Prestidigitation, a 0th-circle Universal spell that lets you chill, warm, flavor, change the color of, gently lift if less than 1 pound, clean, or dirty, an object.  Changes to object substance (not just moving, cleaning, soiling), persist for up to an hour.  This is known as 'laundry magic' and is most of what actually gets cast in Golarion.

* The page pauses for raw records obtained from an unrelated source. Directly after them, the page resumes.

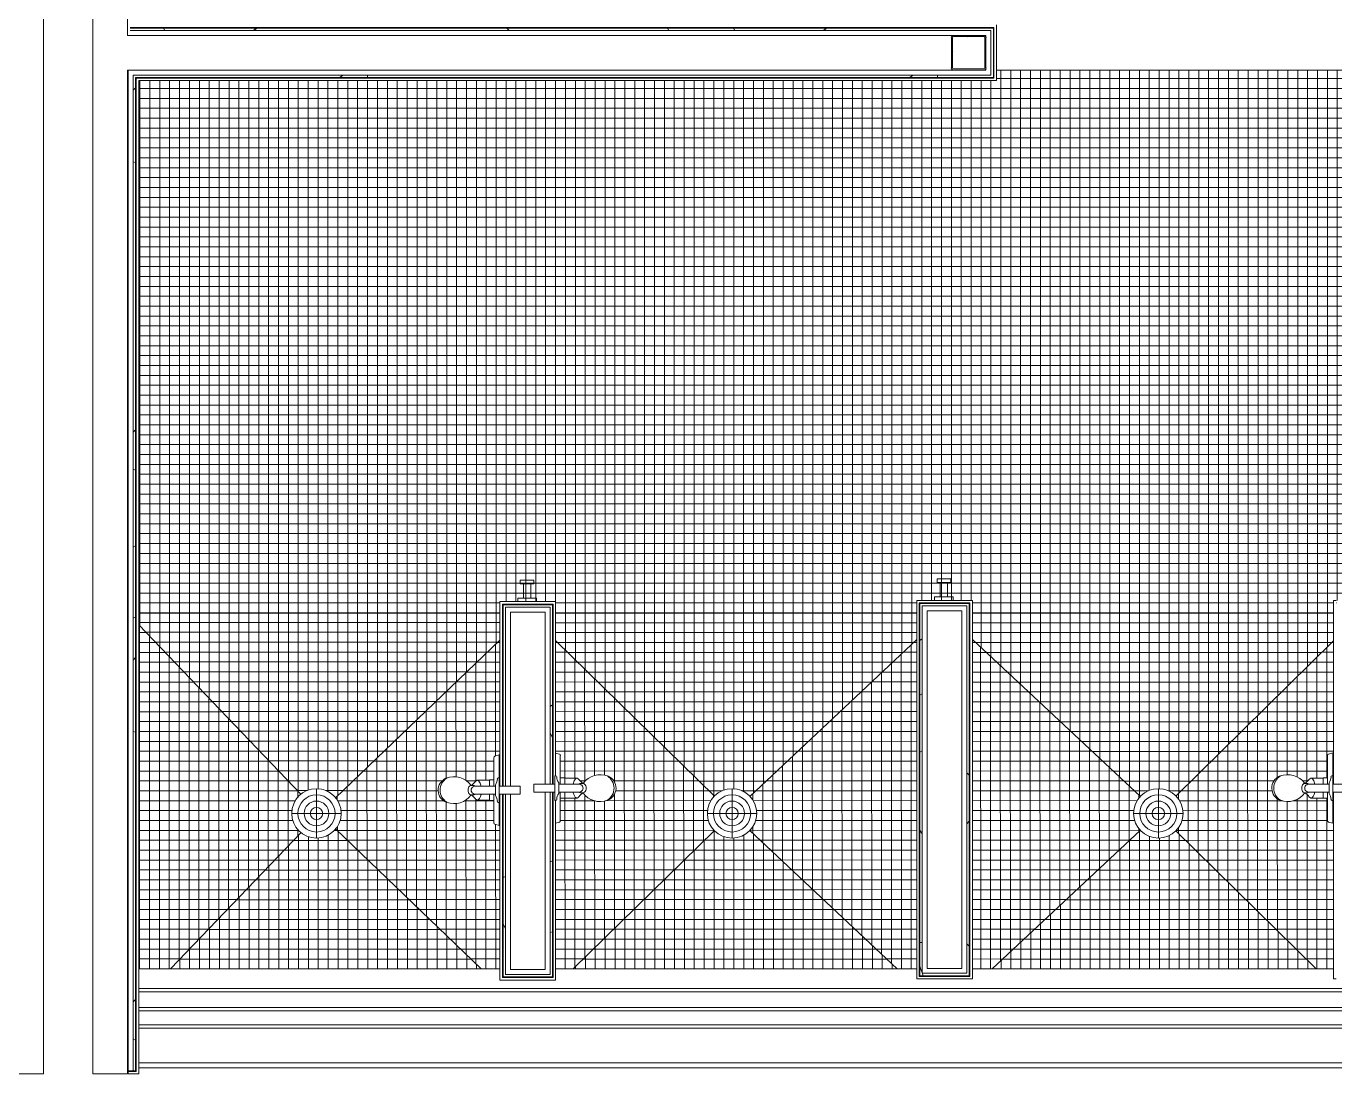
# Model space of a CAD drawing. Header units: inches. Extents: x 24207 to 25740, y -22797 to -22370.
# Drawn here: x 25511.1 to 25643.4, y -22796.9 to -22691 of the extents above; entities that cross this region are included whole.
import ezdxf

# ---------------------------------------------------------------- set-up
doc = ezdxf.new("R2010")
doc.units = ezdxf.units.IN
doc.header["$MEASUREMENT"] = 0
for name, color, linetype, lineweight in [('A-FLOR', 192, 'Continuous', 20), ('A-FLOR-PATT', 8, 'Continuous', 20), ('A-GENM', 13, 'Continuous', 20), ('A-WALL', 113, 'Continuous', 20), ('A-WALL-PATT', 111, 'Continuous', 50), ('I-WALL', 2, 'Continuous', 20), ('P-SANR-FIXT', 6, 'Continuous', 20), ('S-COLS', 52, 'Continuous', 20)]:
    doc.layers.add(name, color=color, linetype=linetype, lineweight=lineweight)
pattern_1 = [(296.565, (14.4, 8.64), (0.000499, 57.600217), [6.44, -122.358]), (33.69, (17.28, 2.88), (0.000345, 57.60007), [10.384, -197.296]), (33.69, (74.88, 2.88), (0.000345, 57.60007), [10.384, -197.296]), (33.69, (132.48, 2.88), (0.000345, 57.60007), [10.384, -197.296]), (116.565, (25.92, 8.64), (-0.000396, 57.59977), [6.44, -122.358]), (213.69, (23.04, 14.4), (0.000345, 57.60007), [10.384, -197.296]), (213.69, (80.64, 14.4), (0.000345, 57.60007), [10.384, -197.296]), (213.69, (138.24, 14.4), (0.000345, 57.60007), [10.384, -197.296]), (26.565, (37.44, 8.64), (0.0005, 57.60022), [12.88, -115.918]), (26.565, (95.04, 8.64), (0.0005, 57.60022), [12.88, -115.918]), (270, (48.96, 14.4), (57.6, 4e-15), [5.76, -51.84]), (225, (48.96, 8.64), (-4e-15, 57.599504), [8.146, -73.313]), (135, (43.2, 2.88), (4e-15, 57.599504), [8.146, -73.313]), (288.435, (25.92, 25.92), (0.000265, 57.599939), [9.107, -173.04]), (18.435, (28.8, 17.28), (0.000265, 57.59994), [9.107, -173.04]), (18.435, (86.4, 17.28), (0.000265, 57.59994), [9.107, -173.04]), (18.435, (144, 17.28), (0.000265, 57.59994), [9.107, -173.04]), (135, (37.44, 20.16), (4e-15, 57.599504), [8.146, -73.313]), (180, (31.68, 25.92), (-7e-15, -57.6), [5.76, -51.84]), (251.565, (11.52, 40.32), (-0.000265, 57.599939), [9.107, -173.04]), (315, (8.64, 31.68), (-4e-15, 57.599504), [8.146, -73.313]), (71.565, (14.4, 25.92), (-0.000265, 57.599939), [9.107, -173.04]), (135, (17.28, 34.56), (4e-15, 57.599504), [8.146, -73.313]), (225, (34.56, 40.32), (-4e-15, 57.599504), [8.146, -73.313]), (123.69, (28.8, 34.56), (0.000345, 57.600068), [10.384, -197.296]), (123.69, (86.4, 34.56), (0.000345, 57.600068), [10.384, -197.296]), (26.565, (23.04, 43.2), (0.0005, 57.60022), [6.44, -122.358]), (26.565, (80.64, 43.2), (0.0005, 57.60022), [6.44, -122.358]), (315, (28.8, 46.08), (-4e-15, 57.599504), [8.146, -73.313]), (213.69, (54.72, 54.72), (0.000345, 57.60007), [10.384, -197.296]), (213.69, (112.32, 54.72), (0.000345, 57.60007), [10.384, -197.296]), (213.69, (169.92, 54.72), (0.000345, 57.60007), [10.384, -197.296]), (296.565, (46.08, 48.96), (0.000499, 57.600217), [6.44, -122.358]), (45, (48.96, 43.2), (4e-15, 57.599504), [8.146, -73.313]), (90, (54.72, 48.96), (-57.6, 4e-15), [5.76, -51.84]), (213.69, (28.8, 57.6), (0.000345, 57.60007), [10.384, -197.296]), (213.69, (86.4, 57.6), (0.000345, 57.60007), [10.384, -197.296]), (213.69, (144, 57.6), (0.000345, 57.60007), [10.384, -197.296]), (315, (20.16, 51.84), (-4e-15, 57.599504), [4.073, -77.386]), (26.565, (23.04, 48.96), (0.0005, 57.60022), [6.44, -122.358]), (26.565, (80.64, 48.96), (0.0005, 57.60022), [6.44, -122.358]), (90, (28.8, 51.84), (-57.6, 4e-15), [5.76, -51.84]), (333.435, (5.76, 54.72), (-0.0005, 57.60022), [6.44, -122.358]), (333.435, (63.36, 54.72), (-0.0005, 57.60022), [6.44, -122.358]), (243.435, (11.52, 51.84), (0.000396, 57.59977), [6.44, -122.358]), (161.565, (8.64, 46.08), (-0.000265, 57.59994), [9.107, -173.04]), (161.565, (66.24, 46.08), (-0.000265, 57.59994), [9.107, -173.04]), (161.565, (123.84, 46.08), (-0.000265, 57.59994), [9.107, -173.04]), (45, (0, 48.96), (4e-15, 57.599504), [8.146, -73.313]), (26.565, (2.88, 0), (0.0005, 57.60022), [6.44, -122.358]), (26.565, (60.48, 0), (0.0005, 57.60022), [6.44, -122.358]), (116.565, (8.64, 2.88), (-0.000396, 57.59977), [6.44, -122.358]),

Endure Elements, a 1st-circle Abjuration that lets people resist hot and cold environments;

Greater Detect Magic, a 2nd-circle Divination that lets you see magic in enough detail to analyze who probably cast it;

Fly, a 3rd-circle Transmutation that lets wizards fly around for up to 2 minutes per caster circle, super popular;

Symbol of Laughter, a 4th-circle Enchantment for drawing a rune which, once seen or touched or passed over, causes all creatures within 60 feet who fail to resist the effect, to laugh uncontrollably for 2 rounds per caster circle;

Decollate, a 5th-circle Necromancy that allows a target to willingly remove their head;

Contingency, a 6th-circle Evocation that can be co-cast with another spell, that then gets triggered automatically under some set condition; complicated or convoluted conditions have a chance of failure;

Subjective Reality, a 7th-circle Illusion which lasts up to 12 seconds per caster circle, and temporarily convinces you that some targeted object or creature or force is itself an illusion, so firmly that you can, for example, walk through the wall you've convinced yourself is illusory;

Create Demiplane, an 8th-circle Conjuration which creates a bounded or looped mini-universe, up to ten 10-foot-cubes per caster circle, with specifiable elemental traits, or ecology, or its own alignment, you can specify the gravity levels, etc., lasting up to 2 days per caster circle, can be made permanent at a rather high cost;

Wish, a 9th-circle Universal spell which, in principle, can fulfill any spoken request, and, in practice, unless you keep to one of thirty or so known phrasings, results in an enormous flaming crater or worse.  This is a bad idea and you should not do it, even if you've thought of a very clever way to do it, which is where the enormous flaming craters come from.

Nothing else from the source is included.